By: Jack Henderson
At Stonehage Fleming, philanthropy is viewed as an integral part of a family’s overall wealth strategy. As well as requiring collaboration between our core Family Office and Investment teams we hold strategic fiduciary and operational functions for many of our clients. Together, they help to define a purpose, design giving and investment strategies and implement and manage philanthropic plans.
The period since the Covid pandemic has seen the emergence of some interesting client themes. Generally, they reflect a shift from reactive to proactive philanthropy and mark a cultural and strategic evolution in how wealthy families engage with their values and communities.
Philanthropy is moving from a reactive gesture to a proactive, strategic commitment
Cultural Shift
Recent conversations with clients reflect an increasing importance place on philanthropy, now seen as a vital part of how families engage with society. In many ways, there can be no greater tangible deployment of their social capital – the way they want to communicate their values, conduct business and interact with the communities around them. As strategies driven by families’ principles gain traction, philanthropy is moving from a reactive gesture to a proactive, strategic commitment.
During the Covid pandemic, wealthy families came to understand new ways they could make a difference through philanthropy. It wasn’t just in response to the immediate health crisis but the many gaps in education and social care and other sectors that Covid threw a spotlight on. Since then, the trend in giving has matured as a larger proportion of our clients come to us to work on strategies that reflect their new philanthropic ambitions.
Investing in a new era of philanthropy
Several structures and approaches are emerging as firm favourites in helping families act proactively. Though not all, many of these can be used to reduce the administrative burden that may have hampered family giving historically, while all have made it more accessible.
Although not a new thing, donor-advised funds – or DAFs – have increased in popularity over recent years. According to the CAF UK Giving Report, contributions to DAFs totalled £852.6 million in 2023 and grants from donor-advised funds to other charities were £645.4 million, an increase of 16.4 per cent over the prior year (Source: National Philanthropic Trust UK Donor-Advised Fund Report 2024).
They are flexible, tax-efficient vehicles that allow donors to gift assets to a fund managed by a sponsoring charity. The donor can then recommend grants to recognised charitable organisations over time. They are an increasingly popular option among our client base due to their cross-border giving benefits and comparatively modest cost.

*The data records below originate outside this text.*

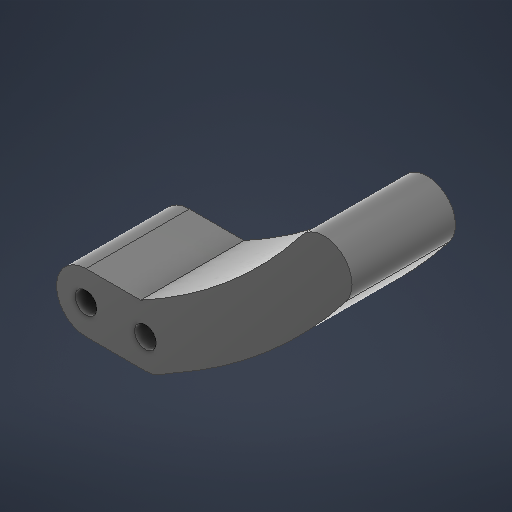
# Autodesk Inventor part: Lady Brown Ring Stop
Saved by Autodesk Inventor 2025 (Build 290162000, 162)
## iProperties
Created: 2024-12-29
Part Number: Lady Brown Ring Stop
Material: Generic
Document SubType Name: Modeling
Designer: Juan
Density: 1 g/cm^3
Appearance: Default
Author: Juan
Autodesk Inventor part; units mm, degrees
ref_plane "YZ Plane" through (0, 0, 0) normal (1, 0, 0) x (0, 1, 0)
ref_plane "XZ Plane" through (0, 0, 0) normal (0, 1, 0) x (-1, 0, 0)
ref_plane "XY Plane" through (0, 0, 0) normal (0, 0, 1) x (1, 0, 0)
sketch "Sketch1" plane through (0, 0, 0) normal (0, 0, 1) x (1, 0, 0)
  circle A0 centre (0, 0) radius 2.3241
  line L0 (0, 0) -> (12.7, 0) construction
  line L1 (0, -6.2992) -> (12.7, -6.2992)
  line L2 (12.7, 6.2992) -> (0, 6.2992)
  arc A1 (0, 6.2992) -> (0, -6.2992) centre (0, 0) ccw
  arc A2 (12.7, -6.2992) -> (12.7, 6.2992) centre (12.7, 0) ccw
  line L3 (12.7, 0) -> (50.8, 0)
  line L4 (50.8, 0) -> (50.8, 31.75)
  arc A3 (12.7, 0) -> (50.8, 31.75) centre (-39.6067, 101.5031) ccw
  line L5 (12.7, 0) -> (12.7, 6.2992)
  line L6 (12.7, -6.2992) -> (12.7, 0)
  arc A4 (12.7, 0) -> (50.8, 31.75) centre (-39.6067, 101.5031) ccw construction
  arc A5 (15.4698, -5.3749) -> (55.5873, 28.0564) centre (-39.6067, 101.5031) ccw
  arc A6 (9.9302, 5.3749) -> (46.0127, 35.4436) centre (-39.6067, 101.5031) ccw
  arc A7 (9.9302, 5.3749) -> (15.4698, -5.3749) centre (12.7, 0) ccw
  arc A8 (55.5873, 28.0564) -> (46.0127, 35.4436) centre (50.8, 31.75) ccw
  circle A9 centre (12.7, 0) radius 2.3241
  point P0 (6.35, 0)
  point P1 (17.0744, -4.5326)
  point P2 (11.6843, 6.2992)
  dimension "d0" = 4.6482
  dimension "d1" = 12.7
  dimension "d2" = 12.5984
  dimension "d3" = 38.1
  dimension "d4" = 31.75
  dimension "d5" = 4.6482
  constraints: 16 end point, 16 point on circle, 10 centre point, 8 tangent, 2 coincident, 2 equal length, 2 horizontal, 2 perpendicular, 1 concentric, 1 midpoint
  measures "d0" diameter of A0
  measures "d1" distance of L0.start L0.end
  measures "d2" diameter of A2
  measures "d3" distance of L0.end L3.end
  measures "d4" distance of L3.end L4.end
  measures "d5" diameter of A9
extrude "Extrusion1" add sketch "Sketch1" along normal blind 22.098 contours A1 L2 A6 A7 L6 L1 | L6 A7 A5 A2 | A5 A7 L6 A9 L3 A2 | A2 L3 A5 | A7 A6 L2 L5 A9 L6 | A6 A8 A5 L4 A3 A2 L2 | L3 A9 A3 A2 | A2 A3 L4 A5 L3 | A2 A3 A9 L5
fillet "Fillet1" radius 25.4 1 edges at (17.0744, -4.5326, 11.049)
body "Solid1"
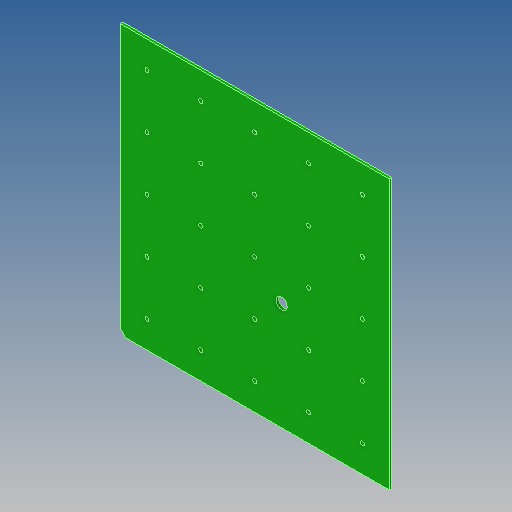
# Autodesk Inventor part: PCB RGB
Saved by Autodesk Inventor 2018.2 (Build 222227000, 227)
## iProperties
Created: 2017-12-19
Part Number: PCB RGB
Material: Generic
Document SubType Name: Modeling
Designer: Igor
Density: 1 g/cm^3
Appearance: Dark Green
Project: COMMON
Description: PCB RGB
Vendor: MCMASTER
ALTERED ITEM DESCRIPTION: N/A
ALTERED ITEM PART NUMBER: N/A
ALTERED ITEM VENDOR: N/A
DESIGN DEPARTMENT: HHMI: JRC - ID&F
LAB/DEPT: COMMON
REQUESTING SCIENTIST: COMMON
SPECIAL FINISH: NONE
SURFACE ROUGHNESS: N/A
Author: Igor
Revision Number: -
Autodesk Inventor part; units mm, degrees
ref_plane "YZ Plane" through (0, 0, 0) normal (1, 0, 0) x (0, 1, 0)
ref_plane "XZ Plane" through (0, 0, 0) normal (0, 1, 0) x (-1, 0, 0)
ref_plane "XY Plane" through (0, 0, 0) normal (0, 0, 1) x (1, 0, 0)
sketch "Sketch1" plane through (0, 0, 0) normal (0, 0, 1) x (1, 0, 0)
  line L0 (0, 0) -> (152.4, 0)
  line L1 (152.4, 0) -> (152.4, 152.4)
  line L2 (152.4, 152.4) -> (0, 152.4)
  line L3 (0, 152.4) -> (0, 0)
  line L4 (0, 3.175) -> (3.175, 0)
  circle A0 centre (15.24, 15.24) radius 1.143
  circle A1 centre (45.72, 15.24) radius 1.143
  circle A2 centre (76.2, 15.24) radius 1.143
  circle A3 centre (106.68, 15.24) radius 1.143
  circle A4 centre (137.16, 15.24) radius 1.143
  circle A5 centre (15.24, 45.72) radius 1.143
  circle A6 centre (45.72, 45.72) radius 1.143
  circle A7 centre (76.2, 45.72) radius 1.143
  circle A8 centre (106.68, 45.72) radius 1.143
  circle A9 centre (137.16, 45.72) radius 1.143
  circle A10 centre (15.24, 76.2) radius 1.143
  circle A11 centre (45.72, 76.2) radius 1.143
  circle A12 centre (76.2, 76.2) radius 1.143
  circle A13 centre (106.68, 76.2) radius 1.143
  circle A14 centre (137.16, 76.2) radius 1.143
  circle A15 centre (15.24, 106.68) radius 1.143
  circle A16 centre (45.72, 106.68) radius 1.143
  circle A17 centre (76.2, 106.68) radius 1.143
  circle A18 centre (106.68, 106.68) radius 1.143
  circle A19 centre (137.16, 106.68) radius 1.143
  circle A20 centre (15.24, 137.16) radius 1.143
  circle A21 centre (45.72, 137.16) radius 1.143
  circle A22 centre (76.2, 137.16) radius 1.143
  circle A23 centre (106.68, 137.16) radius 1.143
  circle A24 centre (137.16, 137.16) radius 1.143
  circle A25 centre (91.44, 60.96) radius 3.175
  dimension "d0" = 152.4
  dimension "d1" = 152.4
  dimension "d2" = 3.175
  dimension "d3" = 3.175
  dimension "d4" = 2.286
  dimension "d5" = 15.24
  dimension "d6" = 15.24
  dimension "d9" = 30.48
  dimension "d12" = 30.48
  dimension "d15" = 91.44
  dimension "d16" = 60.96
  dimension "d17" = 6.35
  constraints: 26 centre point, 10 end point, 2 horizontal, 2 parallel, 2 point on line, 1 perpendicular, 1 vertical, 48 other
  measures "d0" distance between parallel lines of L0 L2
  measures "d1" distance of L0.start L0.end
  measures "d2" distance from line of L4.end L3
  measures "d3" distance from line of L4.start L0
  measures "d4" diameter of A0
  measures "d5" distance from line of A0.centre L3
  measures "d6" distance from line of A0.centre L0
  measures "d9" distance of A0.centre A1.centre
  measures "d12" distance of A0.centre A5.centre
  measures "d15" distance from line of L3 A25.centre
  measures "d16" distance from line of L0 A25.centre
  measures "d17" diameter of A25
extrude "Extrusion1" add sketch "Sketch1" against normal blind 1.5 contours L4 L3 L2 L1 L0
equation "\"d3\" = d2"
body "Solid1"

Family foundations are another option for our clients as they provide families with direct control over charitable activities and grant-making. Experience shows that the ‘Next Gen’ is increasingly interested in these vehicles. Our recent discussions with clients point towards the fact that younger clients are more comfortable than older family members to attach their names to a cause – a feature, perhaps, of the generational shift towards transparency and impact. The fact that foundations are more publicly visible than other structures may lend themselves to this new openness. Furthermore, they are a useful tool for considering purpose and uniting a group of people (often from several generations) around a common, publicly-stated philosophy.
Though similar to foundations in many ways, charitable trusts are often seen to be a simpler solution. Governance is embedded due to trustee-led oversight and infrastructure. Charitable objectives can be written in to the terms of the trust which may also facilitate tax efficient giving including some inheritance tax benefits.
Having said that many families are seeking simplification through flexible structures, others demonstrate their philanthropic proactivity through seeking greater involvement in the investment strategy for their charitable endowments. For those who want to engage with the commercial ‘story’ of their investments, venture philanthropy may be an attractive option.
Venture philanthropy – applying venture capital principles to social impact initiatives – is gaining popularity as a dynamic approach to supporting start-ups and growth-stage social enterprises. It uses impact investing or public-private partnerships to amplify results, blending investment techniques with positive social outcomes.
Strategy sustainability is a growing focus for philanthropists keen to ensure the enduring impact of their efforts. This can take the form of establishing ‘evergreen’ endowments, which can provide perpetual funding, or considering multi-year support programmes for causes which require strategic coordination between donor and beneficiary.
Ultimately, philanthropy is no longer just about giving back, it is about aligning wealth with purpose and using social capital to make a meaningful difference. As families become more intentional in their approach, considered, long-term strategic advice becomes ever more important.
Jack Henderson is an Associate Director within Stonehage Fleming’s London Family Office team. With over fifteen years’ experience of working with private clients, assisting on a broad range of financial matters and advising on the administration of fiduciary duties, he supports UK-based international clients and has a particular focus on Philanthropy.
Disclaimer: This information is provided for general guidance and does not constitute tax, legal, or financial advice. Individual circumstances vary. You should consult your usual tax adviser to understand how any charitable contribution may affect your personal tax situation.